To boost the performance, you should consider object cache at the first place because it allows sheepdog to execute requests in terms of local disk(either sata or ssd) speed without 'sync' flagged (that ranges from 50M/s ~ 500M/s), even in terms of memory speed (that ranges from 500M/s to 2000M/s).

A lesser mechanism is journaling device, which you can double or triple the write performance without object cache enabled, or sync(like you call 'sync' in VM) performance with object cache enabled.

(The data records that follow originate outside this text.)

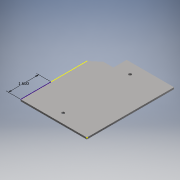
# Autodesk Inventor part: flywheel plate
Saved by Autodesk Inventor 2017 (Build 210142000, 142)
## iProperties
Created: 2016-10-19
Part Number: flywheel plate
Material: Steel, Alloy
Document SubType Name: Modeling
Designer: Aditya
Density: 7.73 g/cm^3
Appearance: Semi-Polished
Author: Aditya
Autodesk Inventor part; units mm, degrees
ref_plane "YZ Plane" through (0, 0, 0) normal (1, 0, 0) x (0, 1, 0)
ref_plane "XZ Plane" through (0, 0, 0) normal (0, 1, 0) x (-1, 0, 0)
ref_plane "XY Plane" through (0, 0, 0) normal (0, 0, 1) x (1, 0, 0)
sketch "Sketch1" plane through (0, 0, 0) normal (0, 1, 0) x (-1, 0, 0)
  line L0 (0, 0) -> (0, -116.84)
  line L1 (0, -116.84) -> (63.5, -116.84)
  line L2 (63.5, -116.84) -> (63.5, -99.06)
  line L3 (63.5, -99.06) -> (76.708, -99.06)
  line L4 (0, 0) -> (88.9, 0)
  line L5 (88.9, 0) -> (88.9, -88.9)
  line L6 (88.9, -88.9) -> (76.708, -99.06)
  circle A0 centre (44.45, -12.7) radius 1.905
  circle A1 centre (44.45, -102.235) radius 1.905
  dimension "d0" = 116.84
  dimension "d1" = 63.5
  dimension "d2" = 17.78
  dimension "d3" = 13.208
  dimension "d4" = 88.9
  dimension "d6" = 88.9
  constraints: 14 end point, 3 perpendicular, 2 centre point, 2 vertical, 1 horizontal
  measures "d0" distance of L0.start L0.end
  measures "d1" distance of L0.end L1.end
  measures "d2" distance of L1.end L2.end
  measures "d3" distance of L2.end L3.end
  measures "d4" distance of L0.start L4.end
  measures "d6" distance of L4.end L5.end
extrude "Extrusion1" add sketch "Sketch1" along normal blind 2.286
sketch "Sketch2" plane through (0, 2.286, 0) normal (0, 1, 0) x (1, 0, 0)
  line L0 (-88.9, 88.9) -> (-88.9, 0) projected
  line L1 (-88.9, 0) -> (-88.9, 40.64)
  point P0 (0, 0)
  dimension "d13" = 40.64
  constraints: 2 end point, 1 point on line
  measures "d13" distance of L0.end L1.end
sketch "Sketch3" plane through (0, 2.286, 0) normal (0, 1, 0) x (1, 0, 0)
  circle A0 centre (-85.09, 50.1764) radius 2.0193 projected
  circle A1 centre (-85.09, 69.2264) radius 2.0193 projected
  point P0 (0, 0)
extrude "Extrusion2" cut sketch "Sketch3" against normal blind 19.05
body "Solid1"
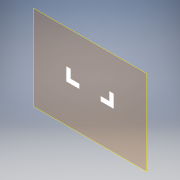
# Autodesk Inventor part: RetroTape
Saved by Autodesk Inventor 2018 (Build 220112000, 112)
## iProperties
Created: 2017-09-17
Part Number: RetroTape
Material: Generic
Document SubType Name: Modeling
Designer: Techbrick Alt
Density: 1 g/cm^3
Appearance: PTFE
Author: Techbrick Alt
Autodesk Inventor part; units mm, degrees
ref_plane "YZ Plane" through (0, 0, 0) normal (1, 0, 0) x (0, 1, 0)
ref_plane "XZ Plane" through (0, 0, 0) normal (0, 1, 0) x (-1, 0, 0)
ref_plane "XY Plane" through (0, 0, 0) normal (0, 0, 1) x (1, 0, 0)
ref_plane "Work Plane1" through (0, 0, 0) normal (0, 0, 1) x (1, 0, 0)
sketch "Sketch1" plane through (0, 0, 0) normal (0, 0, 1) x (1, 0, 0)
  line L0 (-279.4, 101.6) -> (-228.6, 101.6)
  line L1 (-228.6, 101.6) -> (-228.6, 0)
  line L2 (-228.6, 0) -> (-279.4, 0)
  line L3 (-279.4, 0) -> (-279.4, 101.6)
  line L4 (-279.4, 0) -> (-127, 0)
  line L5 (-127, 0) -> (-127, -50.8)
  line L6 (-127, -50.8) -> (-279.4, -50.8)
  line L7 (-279.4, -50.8) -> (-279.4, 0)
  line L8 (228.6, 101.6) -> (279.4, 101.6)
  line L9 (279.4, 101.6) -> (279.4, 0)
  line L10 (279.4, 0) -> (228.6, 0)
  line L11 (228.6, 0) -> (228.6, 101.6)
  line L12 (127, -50.8) -> (279.4, -50.8)
  line L13 (279.4, -50.8) -> (279.4, 0)
  line L14 (279.4, 0) -> (127, 0)
  line L15 (127, 0) -> (127, -50.8)
  line L16 (-177.8, -457.2) -> (-177.8, -381) projected
  line L17 (-177.8, -381) -> (177.8, -381) projected
  line L18 (177.8, -381) -> (177.8, -457.2) projected
  line L19 (177.8, -457.2) -> (609.6, -457.2) projected
  line L20 (609.6, -457.2) -> (609.6, 457.2) projected
  line L21 (609.6, 457.2) -> (-609.6, 457.2) projected
  line L22 (-609.6, 457.2) -> (-609.6, -457.2) projected
  line L23 (-609.6, -457.2) -> (-177.8, -457.2) projected
  line L24 (228.6, 101.6) -> (228.6, 0) projected
  line L25 (228.6, 0) -> (-228.6, 0) projected
  line L26 (-228.6, 0) -> (-228.6, 101.6) projected
  line L27 (-228.6, 101.6) -> (228.6, 101.6) projected
  point P0 (0, 0)
  dimension "d0" = 50.8
  dimension "d1" = 152.4
  constraints: 32 end point, 8 parallel, 7 collinear, 4 horizontal, 4 perpendicular, 3 equal length
  measures "d0" distance of L0.start L0.end
  measures "d1" distance of L5.end L6.end
extrude "Extrusion1" add sketch "Sketch1" along normal blind 2.54 contours L0 L1 L2 L3 | L2 L4 L5 L6 L7 | L8 L9 L10 L11 | L10 L13 L12 L15 L14
body "Solid1"

Another option is '-n, --nosync' for sheep daemon, which drops O_SYNC for write of backend. It literally means we don't set 'sync' flag for write of backend. This will dramatically improve write performance if you don't have object cache enabled, at the cost of possibility to lost some data in the case of power failure of the whole cluster. In other words, if only some nodes in the cluster crash, there is no damage of data at all even if you have '--nosync' enabled (assume the number for failed nodes is protected by the redundancy level). If any one of following conditions goes with your cluster,

  • your data center promises there is no power outage
  • all the disks are battery-backed
  • you don't care about the very low possibility of power outage and want the best performance

you can enable '--nosync' option for sheep daemon to enjoy write boost.